Ce n’est pas une hypothèse théorique. Plusieurs PME françaises ont vu leurs données de clients exportées sans consentement explicite, simplement parce que le logiciel qu’elles utilisaient stockait tout chez un fournisseur cloud américain. Le RGPD interdit ces transferts sans garanties suffisantes. Mais dans la pratique, les « clauses contractuelles types » ne bloquent pas un accès légal outre-Atlantique.

Pourquoi c’est un vrai problème pour votre PME

Si vous êtes dirigeant d’un cabinet comptable, d’une entreprise de BTP, d’une agence immobilière ou d’un cabinet juridique, vous manipulez chaque jour des informations que vos clients vous confient. Un plan de structure pour un chantier, un bail commercial, une déclaration fiscale, une stratégie d’optimisation. Ces documents ne sont pas seulement techniques : ils sont juridiquement protégés. Leur divulgation peut exposer vos clients (et vous) à des sanctions, des pertes financières ou une perte de crédibilité.

Un exemple concret : un cabinet d’expertise comptable qui utilise un assistant IA pour analyser des factures. L’outil lit le numéro SIRET, le CA, les marges. Si ces données transitent par un cloud américain, le secret professionnel comptable ne tient plus. Le client peut vous attaquer pour manquement à votre obligation de confidentialité.

L’alternative : une IA privée, hébergée en France

L’IA n’est pas interdite. Elle est même utile pour gagner du temps sur des tâches répétitives (classement de documents, extraction de données, rédaction de premières réponses). Mais elle doit être maîtrisée. Des solutions existent qui respectent la souveraineté de vos données : hébergement chez un opérateur français (Outscale, OVHcloud, par exemple), modèles open source (donc audités et sans portes dérobées), et pas d’historique ni de réutilisation de vos fichiers pour entraîner d’autres modèles.

Concrètement, vous posez votre document dans un espace sécurisé, l’IA le traite localement ou sur un serveur certifié en France, et rien ne repart chez un fournisseur tiers. Vous gardez la main. Vous respectez vos obligations légales. Vous pouvez même chiffrer les données avant de les envoyer, option trop rare chez les géants du cloud.

Ce que ça change au quotidien

Prenons un cas simple : une PME de promotion immobilière doit analyser 50 permis de construire. Avec un outil IA privé, l’archiviste charge les PDF, l’IA extrait les dates, les surfaces, les propriétaires, sans que ces données quittent le territoire. Pas de connexion vers les serveurs de San Francisco. Pas de risque qu’un concurrent américain (ou un contrôleur étranger) accède à la cartographie des futurs projets de la ville.

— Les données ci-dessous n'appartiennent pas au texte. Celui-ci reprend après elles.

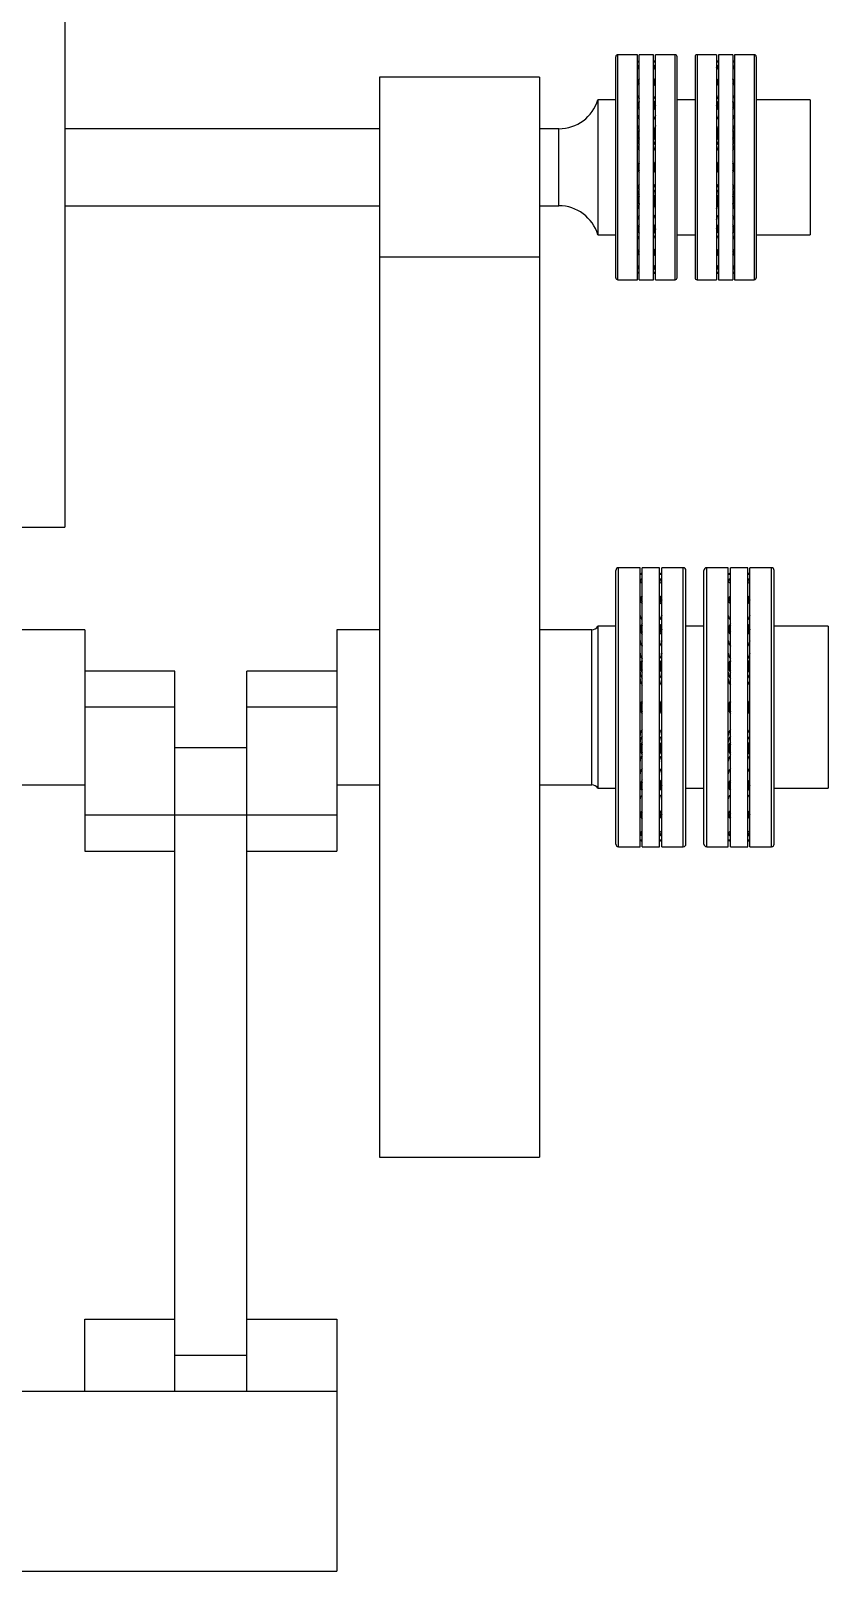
# Model space of a CAD drawing. Header units: millimetres. Extents: x -724 to 4637, y -531 to 1147.
# Drawn here: x 4098 to 4541, y -333 to 523 of the extents above; entities that cross this region are included whole.
import ezdxf

# ---------------------------------------------------------------- set-up
doc = ezdxf.new("R2010")
doc.units = ezdxf.units.MM

msp = doc.modelspace()

# ---------------------------------------------------------------- linework, layer by layer
at = {"color": 7, "linetype": 'Continuous', "lineweight": 25}
for p, q in [((4116.97, 746.7), (4116.97, 246.7)), ((4423.1, 385.3), (4423.1, 508.1)), ((4435.1, 509.2), (4424.2, 509.2)), ((4424.2, 384.2), (4424.2, 509.2)), ((4435.1, 384.2), (4435.1, 509.2)), ((4436.1, 505.05), (4435.1, 505.05)), ((4436.1, 505.55), (4435.6, 505.55)), ((4444.1, 509.2), (4436.1, 509.2)), ((4436.1, 384.2), (4436.1, 509.2)), ((4444.1, 384.2), (4444.1, 509.2)), ((4444.6, 505.55), (4444.1, 505.55)), ((4445.1, 505.05), (4444.1, 505.05)), ((4456, 509.2), (4445.1, 509.2)), ((4445.1, 384.2), (4445.1, 509.2)), ((4456, 384.2), (4456, 509.2)), ((4457.1, 385.3), (4457.1, 508.1)), ((4467.1, 508.1), (4467.1, 385.3)), ((4479.1, 509.2), (4468.2, 509.2)), ((4468.2, 509.2), (4468.2, 384.2)), ((4479.1, 509.2), (4479.1, 384.2)), ((4480.1, 505.05), (4479.1, 505.05)), ((4480.1, 505.55), (4479.6, 505.55)), ((4488.1, 509.2), (4480.1, 509.2)), ((4480.1, 509.2), (4480.1, 384.2)), ((4488.1, 509.2), (4488.1, 384.2)), ((4488.6, 505.55), (4488.1, 505.55)), ((4489.1, 505.05), (4488.1, 505.05)), ((4500, 509.2), (4489.1, 509.2)), ((4489.1, 509.2), (4489.1, 384.2)), ((4500, 509.2), (4500, 384.2)), ((4501.1, 508.1), (4501.1, 385.3)), ((4380.7, 496.7), (4291.8, 496.7)), ((4291.8, 496.7), (4291.8, -103.3)), ((4380.7, 496.7), (4380.7, -103.3)), ((4445.1, 502.19), (4445.1, 502.16)), ((4479.1, 502.19), (4479.1, 502.22)), ((4423.1, 484.2), (4413.08, 484.2)), ((4413.08, 484.2), (4413.08, 409.2)), ((4445.1, 480.99), (4445.09, 480.75)), ((4467.1, 484.2), (4457.1, 484.2)), ((4479.1, 480.99), (4479.11, 481.23)), ((4531.1, 484.2), (4501.1, 484.2)), ((4531.1, 484.2), (4531.1, 409.2)), ((4445.06, 475.45), (4445.1, 475.66)), ((4445.1, 475.7), (4445.09, 475.46)), ((4291.8, 468.09), (4116.97, 468.09)), ((4391.5, 468.09), (4380.7, 468.09)), ((4391.5, 425.31), (4391.5, 468.09)), ((4445.06, 469.57), (4445.1, 469.78)), ((4445.1, 469.83), (4445.09, 469.58)), ((4116.97, 425.31), (4291.8, 425.31)), ((4380.7, 425.31), (4391.5, 425.31)), ((4479.1, 423.57), (4479.11, 423.81)), ((4445.1, 412.4), (4445.09, 412.16)), ((4479.13, 417.94), (4479.1, 417.74)), ((4479.1, 417.69), (4479.11, 417.93)), ((4479.1, 412.4), (4479.11, 412.64)), ((4413.08, 409.2), (4423.1, 409.2)), ((4457.1, 409.2), (4467.1, 409.2)), ((4501.1, 409.2), (4531.1, 409.2)), ((4380.7, 396.7), (4291.8, 396.7)), ((4435.1, 388.35), (4436.1, 388.35)), ((4435.6, 387.85), (4436.1, 387.85)), ((4444.1, 388.35), (4445.1, 388.35)), ((4444.1, 387.85), (4444.6, 387.85)), ((4445.1, 391.2), (4445.1, 391.17)), ((4479.1, 391.2), (4479.1, 391.24)), ((4479.1, 388.35), (4480.1, 388.35)), ((4479.6, 387.85), (4480.1, 387.85)), ((4488.1, 388.35), (4489.1, 388.35)), ((4488.1, 387.85), (4488.6, 387.85)), ((4424.2, 384.2), (4435.1, 384.2)), ((4436.1, 384.2), (4444.1, 384.2)), ((4445.1, 384.2), (4456, 384.2)), ((4468.2, 384.2), (4479.1, 384.2)), ((4480.1, 384.2), (4488.1, 384.2)), ((4489.1, 384.2), (4500, 384.2)), ((4030.61, 246.7), (4116.97, 246.7)), ((4423.08, 70.7), (4423.08, 222.7)), ((4436.58, 224.2), (4424.58, 224.2)), ((4424.58, 69.2), (4424.58, 224.2)), ((4436.58, 69.2), (4436.58, 224.2)), ((4447.38, 224.2), (4437.78, 224.2)), ((4437.78, 69.2), (4437.78, 224.2)), ((4447.38, 69.2), (4447.38, 224.2)), ((4460.58, 224.2), (4448.58, 224.2)), ((4448.58, 69.2), (4448.58, 224.2)), ((4460.58, 69.2), (4460.58, 224.2)), ((4462.08, 70.7), (4462.08, 222.7)), ((4472.08, 70.7), (4472.08, 222.7)), ((4485.58, 224.2), (4473.58, 224.2)), ((4473.58, 69.2), (4473.58, 224.2)), ((4485.58, 69.2), (4485.58, 224.2)), ((4496.38, 224.2), (4486.78, 224.2)), ((4486.78, 69.2), (4486.78, 224.2)), ((4496.38, 69.2), (4496.38, 224.2)), ((4509.58, 224.2), (4497.58, 224.2)), ((4497.58, 69.2), (4497.58, 224.2)), ((4509.58, 69.2), (4509.58, 224.2)), ((4511.08, 70.7), (4511.08, 222.7)), ((4437.78, 220.4), (4436.58, 220.4)), ((4437.78, 221), (4437.18, 221)), ((4447.98, 221), (4447.38, 221)), ((4448.58, 220.4), (4447.38, 220.4)), ((4486.78, 220.4), (4485.58, 220.4)), ((4486.78, 221), (4486.18, 221)), ((4496.98, 221), (4496.38, 221)), ((4497.58, 220.4), (4496.38, 220.4)), ((4448.58, 206.32), (4448.57, 206.2)), ((4497.58, 206.32), (4497.57, 206.2)), ((4448.58, 197.58), (4448.57, 197.46)), ((4497.58, 197.58), (4497.57, 197.46)), ((4128.08, 189.77), (4068.08, 189.77)), ((4128.08, 189.77), (4128.08, 66.7)), ((4291.8, 189.77), (4268.08, 189.77)), ((4268.08, 189.77), (4268.08, 66.7)), ((4409.74, 189.77), (4380.7, 189.77)), ((4409.74, 103.62), (4409.74, 189.77)), ((4423.08, 191.7), (4413.08, 191.7)), ((4413.08, 191.7), (4413.08, 101.7)), ((4448.58, 190.02), (4448.57, 189.77)), ((4472.08, 191.7), (4462.08, 191.7)), ((4497.58, 190.02), (4497.57, 189.77)), ((4541.08, 191.7), (4511.08, 191.7)), ((4541.08, 191.7), (4541.08, 101.7)), ((4448.53, 183.41), (4448.56, 183.77)), ((4448.58, 183.67), (4448.57, 183.42)), ((4497.53, 183.41), (4497.56, 183.68)), ((4497.58, 183.67), (4497.57, 183.42)), ((4448.53, 176.35), (4448.56, 176.71)), ((4448.58, 176.61), (4448.57, 176.37)), ((4497.53, 176.35), (4497.56, 176.63)), ((4497.58, 176.61), (4497.57, 176.37)), ((4178.08, 166.7), (4128.08, 166.7)), ((4178.08, -233.3), (4178.08, 166.7)), ((4268.08, 166.7), (4218.08, 166.7)), ((4218.08, -233.3), (4218.08, 166.7)), ((4178.08, 146.7), (4128.08, 146.7)), ((4268.08, 146.7), (4218.08, 146.7)), ((4218.08, 124.2), (4178.08, 124.2)), ((4068.08, 103.62), (4128.08, 103.62)), ((4268.08, 103.62), (4291.8, 103.62)), ((4380.7, 103.62), (4409.74, 103.62)), ((4448.58, 103.38), (4448.57, 103.13)), ((4497.58, 103.38), (4497.57, 103.13)), ((4413.08, 101.7), (4423.08, 101.7)), ((4462.08, 101.7), (4472.08, 101.7)), ((4511.08, 101.7), (4541.08, 101.7)), ((4268.08, 86.7), (4128.08, 86.7)), ((4448.54, 86.83), (4448.55, 86.97)), ((4448.58, 87.07), (4448.57, 86.95)), ((4497.54, 86.83), (4497.56, 87.06)), ((4497.58, 87.07), (4497.57, 86.95)), ((4424.58, 69.2), (4436.58, 69.2)), ((4436.58, 73), (4437.78, 73)), ((4437.18, 72.4), (4437.78, 72.4)), ((4437.78, 69.2), (4447.38, 69.2)), ((4447.38, 73), (4448.58, 73)), ((4447.38, 72.4), (4447.98, 72.4)), ((4448.58, 69.2), (4460.58, 69.2)), ((4473.58, 69.2), (4485.58, 69.2)), ((4485.58, 73), (4486.78, 73)), ((4486.18, 72.4), (4486.78, 72.4)), ((4486.78, 69.2), (4496.38, 69.2)), ((4496.38, 73), (4497.58, 73)), ((4496.38, 72.4), (4496.98, 72.4)), ((4497.58, 69.2), (4509.58, 69.2)), ((4128.08, 66.7), (4178.08, 66.7)), ((4218.08, 66.7), (4268.08, 66.7)), ((4291.8, -103.3), (4380.7, -103.3)), ((4128.08, -193.3), (4178.08, -193.3)), ((4128.08, -233.3), (4128.08, -193.3)), ((4218.08, -193.3), (4268.08, -193.3)), ((4268.08, -193.3), (4268.08, -333.3)), ((4178.08, -213.3), (4218.08, -213.3)), ((3928.08, -233.3), (4268.08, -233.3)), ((3928.08, -333.3), (4268.08, -333.3))]:
    msp.add_line(p, q, dxfattribs=at)
at = {"color": 7, "linetype": 'Continuous', "lineweight": 25, "flags": 128}
for points in [[(4436.1, 502.03), (4436, 502.09), (4435.64, 502.47), (4435.64, 502.86), (4436, 503.24), (4436.1, 503.3)], [(4444.1, 503.3), (4444.19, 503.24), (4444.55, 502.86), (4444.55, 502.47), (4444.19, 502.09), (4444.1, 502.03)], [(4480.1, 502.03), (4480, 502.09), (4479.64, 502.47), (4479.64, 502.86), (4480, 503.24), (4480.1, 503.3)], [(4488.1, 503.3), (4488.19, 503.24), (4488.55, 502.86), (4488.55, 502.47), (4488.19, 502.09), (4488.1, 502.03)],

Pour un cabinet d’avocats, c’est la même logique : les contrats de fusion-acquisition, les mémoires, les correspondances avec les clients restent sous votre contrôle. Vous pouvez même tracer qui a consulté le fichier et quand, ce que les grands services grand public ne permettent pas toujours.

La souveraineté n’est pas un luxe, c’est une protection

Choisir un hébergement français ou européen, des composants open source, et une architecture qui ne dépend pas des clouds américains, ce n’est pas une posture politique. C’est une décision de gestion des risques. Vous protégez votre réputation, vous évitez des litiges coûteux, vous vous conformez à la réglementation, et vous gardez le dernier mot sur vos données. Dans un monde où la donnée est devenue la matière première de votre activité, confiez-la à des infrastructures qui respectent vos règles, pas celles d’un autre État.